Check every line of the data and copy the ones where "Subsystem" appears.

Listed entries below:

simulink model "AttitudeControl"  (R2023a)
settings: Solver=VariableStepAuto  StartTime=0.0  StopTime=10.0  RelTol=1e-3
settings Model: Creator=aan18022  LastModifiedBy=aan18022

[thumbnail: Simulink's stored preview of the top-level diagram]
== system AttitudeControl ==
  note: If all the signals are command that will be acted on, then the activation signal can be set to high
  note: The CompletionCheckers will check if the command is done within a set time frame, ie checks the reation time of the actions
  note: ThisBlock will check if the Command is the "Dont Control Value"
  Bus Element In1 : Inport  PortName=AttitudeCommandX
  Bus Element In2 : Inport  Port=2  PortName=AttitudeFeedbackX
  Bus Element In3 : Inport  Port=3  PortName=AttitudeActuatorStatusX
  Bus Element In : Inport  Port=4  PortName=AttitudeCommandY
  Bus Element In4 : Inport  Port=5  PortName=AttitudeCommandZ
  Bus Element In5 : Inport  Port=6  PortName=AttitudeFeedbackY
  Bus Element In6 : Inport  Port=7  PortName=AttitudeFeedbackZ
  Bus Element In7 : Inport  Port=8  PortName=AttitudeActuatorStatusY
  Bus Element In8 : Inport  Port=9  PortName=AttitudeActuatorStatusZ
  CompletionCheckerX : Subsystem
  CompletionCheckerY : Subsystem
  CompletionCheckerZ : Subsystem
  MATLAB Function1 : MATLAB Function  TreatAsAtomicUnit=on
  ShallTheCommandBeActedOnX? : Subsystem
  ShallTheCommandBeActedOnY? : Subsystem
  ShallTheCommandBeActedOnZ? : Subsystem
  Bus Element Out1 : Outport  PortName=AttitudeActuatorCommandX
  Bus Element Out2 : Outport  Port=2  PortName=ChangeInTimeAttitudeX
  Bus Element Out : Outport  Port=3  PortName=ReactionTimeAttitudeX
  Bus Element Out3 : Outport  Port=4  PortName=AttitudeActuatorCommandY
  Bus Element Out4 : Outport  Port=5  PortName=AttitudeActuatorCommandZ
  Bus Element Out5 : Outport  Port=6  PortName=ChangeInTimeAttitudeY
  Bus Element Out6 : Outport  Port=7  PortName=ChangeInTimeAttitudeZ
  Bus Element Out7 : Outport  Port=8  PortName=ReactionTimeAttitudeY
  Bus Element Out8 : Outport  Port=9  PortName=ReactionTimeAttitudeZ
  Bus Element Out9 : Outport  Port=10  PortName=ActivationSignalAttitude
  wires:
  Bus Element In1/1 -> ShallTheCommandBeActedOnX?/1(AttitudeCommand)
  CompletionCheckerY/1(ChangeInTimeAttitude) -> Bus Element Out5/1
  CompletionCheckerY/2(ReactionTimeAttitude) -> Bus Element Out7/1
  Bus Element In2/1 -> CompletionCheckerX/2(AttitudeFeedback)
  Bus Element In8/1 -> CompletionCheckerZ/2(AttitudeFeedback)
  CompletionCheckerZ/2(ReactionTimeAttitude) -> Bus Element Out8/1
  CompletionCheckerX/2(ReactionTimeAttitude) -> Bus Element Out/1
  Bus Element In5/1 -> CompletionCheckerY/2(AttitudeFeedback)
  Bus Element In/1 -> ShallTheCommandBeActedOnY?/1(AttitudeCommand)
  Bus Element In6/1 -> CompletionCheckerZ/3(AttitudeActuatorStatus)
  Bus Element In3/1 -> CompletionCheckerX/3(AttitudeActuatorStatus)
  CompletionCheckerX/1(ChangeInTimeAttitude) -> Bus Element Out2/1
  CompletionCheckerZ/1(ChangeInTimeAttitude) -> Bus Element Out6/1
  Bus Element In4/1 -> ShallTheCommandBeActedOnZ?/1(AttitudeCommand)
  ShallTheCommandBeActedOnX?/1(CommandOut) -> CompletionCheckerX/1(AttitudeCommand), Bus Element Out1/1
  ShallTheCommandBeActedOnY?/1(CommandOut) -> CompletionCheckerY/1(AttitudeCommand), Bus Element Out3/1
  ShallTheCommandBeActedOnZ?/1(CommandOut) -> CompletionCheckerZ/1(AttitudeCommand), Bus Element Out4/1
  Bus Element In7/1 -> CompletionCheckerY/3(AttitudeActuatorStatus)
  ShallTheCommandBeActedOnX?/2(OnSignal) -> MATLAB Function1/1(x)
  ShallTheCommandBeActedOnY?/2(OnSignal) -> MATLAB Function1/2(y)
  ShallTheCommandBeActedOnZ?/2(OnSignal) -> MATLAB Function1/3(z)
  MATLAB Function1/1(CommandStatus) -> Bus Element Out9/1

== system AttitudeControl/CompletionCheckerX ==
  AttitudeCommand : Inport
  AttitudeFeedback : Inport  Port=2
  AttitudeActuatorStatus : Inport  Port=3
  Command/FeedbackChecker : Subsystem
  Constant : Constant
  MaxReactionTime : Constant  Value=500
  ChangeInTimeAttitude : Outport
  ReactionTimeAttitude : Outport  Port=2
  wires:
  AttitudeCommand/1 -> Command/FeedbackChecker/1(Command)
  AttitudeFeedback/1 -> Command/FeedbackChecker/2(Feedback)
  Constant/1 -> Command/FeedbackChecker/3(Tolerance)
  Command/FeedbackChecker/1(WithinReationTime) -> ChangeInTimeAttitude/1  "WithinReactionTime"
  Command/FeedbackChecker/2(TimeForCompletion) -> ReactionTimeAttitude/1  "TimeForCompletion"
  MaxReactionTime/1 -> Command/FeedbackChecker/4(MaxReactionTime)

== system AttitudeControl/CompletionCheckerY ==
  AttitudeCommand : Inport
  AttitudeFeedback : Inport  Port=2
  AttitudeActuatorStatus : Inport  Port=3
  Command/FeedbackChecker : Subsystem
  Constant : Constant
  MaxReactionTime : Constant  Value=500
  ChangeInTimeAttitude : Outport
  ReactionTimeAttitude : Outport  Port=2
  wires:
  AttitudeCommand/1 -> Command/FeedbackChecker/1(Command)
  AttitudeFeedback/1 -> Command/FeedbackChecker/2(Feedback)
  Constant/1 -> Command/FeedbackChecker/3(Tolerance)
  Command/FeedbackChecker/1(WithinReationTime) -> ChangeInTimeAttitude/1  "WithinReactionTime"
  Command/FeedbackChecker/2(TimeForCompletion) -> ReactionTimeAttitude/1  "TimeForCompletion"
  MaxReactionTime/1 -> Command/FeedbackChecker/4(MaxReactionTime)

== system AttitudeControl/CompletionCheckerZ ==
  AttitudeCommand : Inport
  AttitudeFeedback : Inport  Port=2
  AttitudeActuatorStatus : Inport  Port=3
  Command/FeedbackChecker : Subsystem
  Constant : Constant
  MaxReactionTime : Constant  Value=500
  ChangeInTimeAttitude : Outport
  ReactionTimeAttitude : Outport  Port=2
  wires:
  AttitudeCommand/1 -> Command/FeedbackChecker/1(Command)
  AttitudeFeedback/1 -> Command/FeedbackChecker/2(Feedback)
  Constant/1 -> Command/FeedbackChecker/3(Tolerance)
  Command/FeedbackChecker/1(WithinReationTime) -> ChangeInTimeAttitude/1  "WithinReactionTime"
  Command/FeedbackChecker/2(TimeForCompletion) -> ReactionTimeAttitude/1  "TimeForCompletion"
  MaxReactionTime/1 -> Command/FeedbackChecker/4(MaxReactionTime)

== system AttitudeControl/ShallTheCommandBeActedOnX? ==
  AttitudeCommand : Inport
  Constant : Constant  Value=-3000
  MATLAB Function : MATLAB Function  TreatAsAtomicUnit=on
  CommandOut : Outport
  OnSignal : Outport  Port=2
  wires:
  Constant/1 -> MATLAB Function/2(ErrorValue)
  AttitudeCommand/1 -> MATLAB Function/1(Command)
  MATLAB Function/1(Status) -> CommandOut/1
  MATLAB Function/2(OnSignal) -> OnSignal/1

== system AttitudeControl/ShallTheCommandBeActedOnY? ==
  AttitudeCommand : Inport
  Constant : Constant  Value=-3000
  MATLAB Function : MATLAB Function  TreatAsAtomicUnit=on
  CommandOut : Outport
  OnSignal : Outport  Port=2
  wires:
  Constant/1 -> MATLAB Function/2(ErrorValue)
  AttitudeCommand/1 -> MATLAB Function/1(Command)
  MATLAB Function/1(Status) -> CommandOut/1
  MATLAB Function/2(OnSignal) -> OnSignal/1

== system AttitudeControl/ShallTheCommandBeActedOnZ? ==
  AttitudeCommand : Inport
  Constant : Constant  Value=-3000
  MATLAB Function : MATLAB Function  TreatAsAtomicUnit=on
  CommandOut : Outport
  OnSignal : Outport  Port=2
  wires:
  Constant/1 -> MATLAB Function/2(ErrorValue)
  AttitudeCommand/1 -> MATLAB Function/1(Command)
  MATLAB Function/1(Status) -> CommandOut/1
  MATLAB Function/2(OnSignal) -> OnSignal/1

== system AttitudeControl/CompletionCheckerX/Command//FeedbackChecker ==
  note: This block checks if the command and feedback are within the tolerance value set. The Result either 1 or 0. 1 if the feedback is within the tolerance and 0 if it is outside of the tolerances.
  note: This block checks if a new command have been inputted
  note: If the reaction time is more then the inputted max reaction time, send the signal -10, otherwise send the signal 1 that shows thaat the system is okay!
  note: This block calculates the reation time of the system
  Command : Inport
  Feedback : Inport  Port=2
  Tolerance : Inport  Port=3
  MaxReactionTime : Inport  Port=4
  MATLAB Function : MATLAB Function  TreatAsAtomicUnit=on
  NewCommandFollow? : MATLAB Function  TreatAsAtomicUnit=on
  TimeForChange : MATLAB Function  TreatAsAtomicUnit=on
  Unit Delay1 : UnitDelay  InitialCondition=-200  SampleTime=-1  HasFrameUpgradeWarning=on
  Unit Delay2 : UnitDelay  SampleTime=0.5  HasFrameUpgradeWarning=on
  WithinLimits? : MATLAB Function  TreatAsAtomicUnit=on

End of Listed entries.

» **Solution for this problem**:
  CompletionCheckerX : Subsystem
  CompletionCheckerY : Subsystem
  CompletionCheckerZ : Subsystem
  ShallTheCommandBeActedOnX? : Subsystem
  ShallTheCommandBeActedOnY? : Subsystem
  ShallTheCommandBeActedOnZ? : Subsystem
  Command/FeedbackChecker : Subsystem
  Command/FeedbackChecker : Subsystem
  Command/FeedbackChecker : Subsystem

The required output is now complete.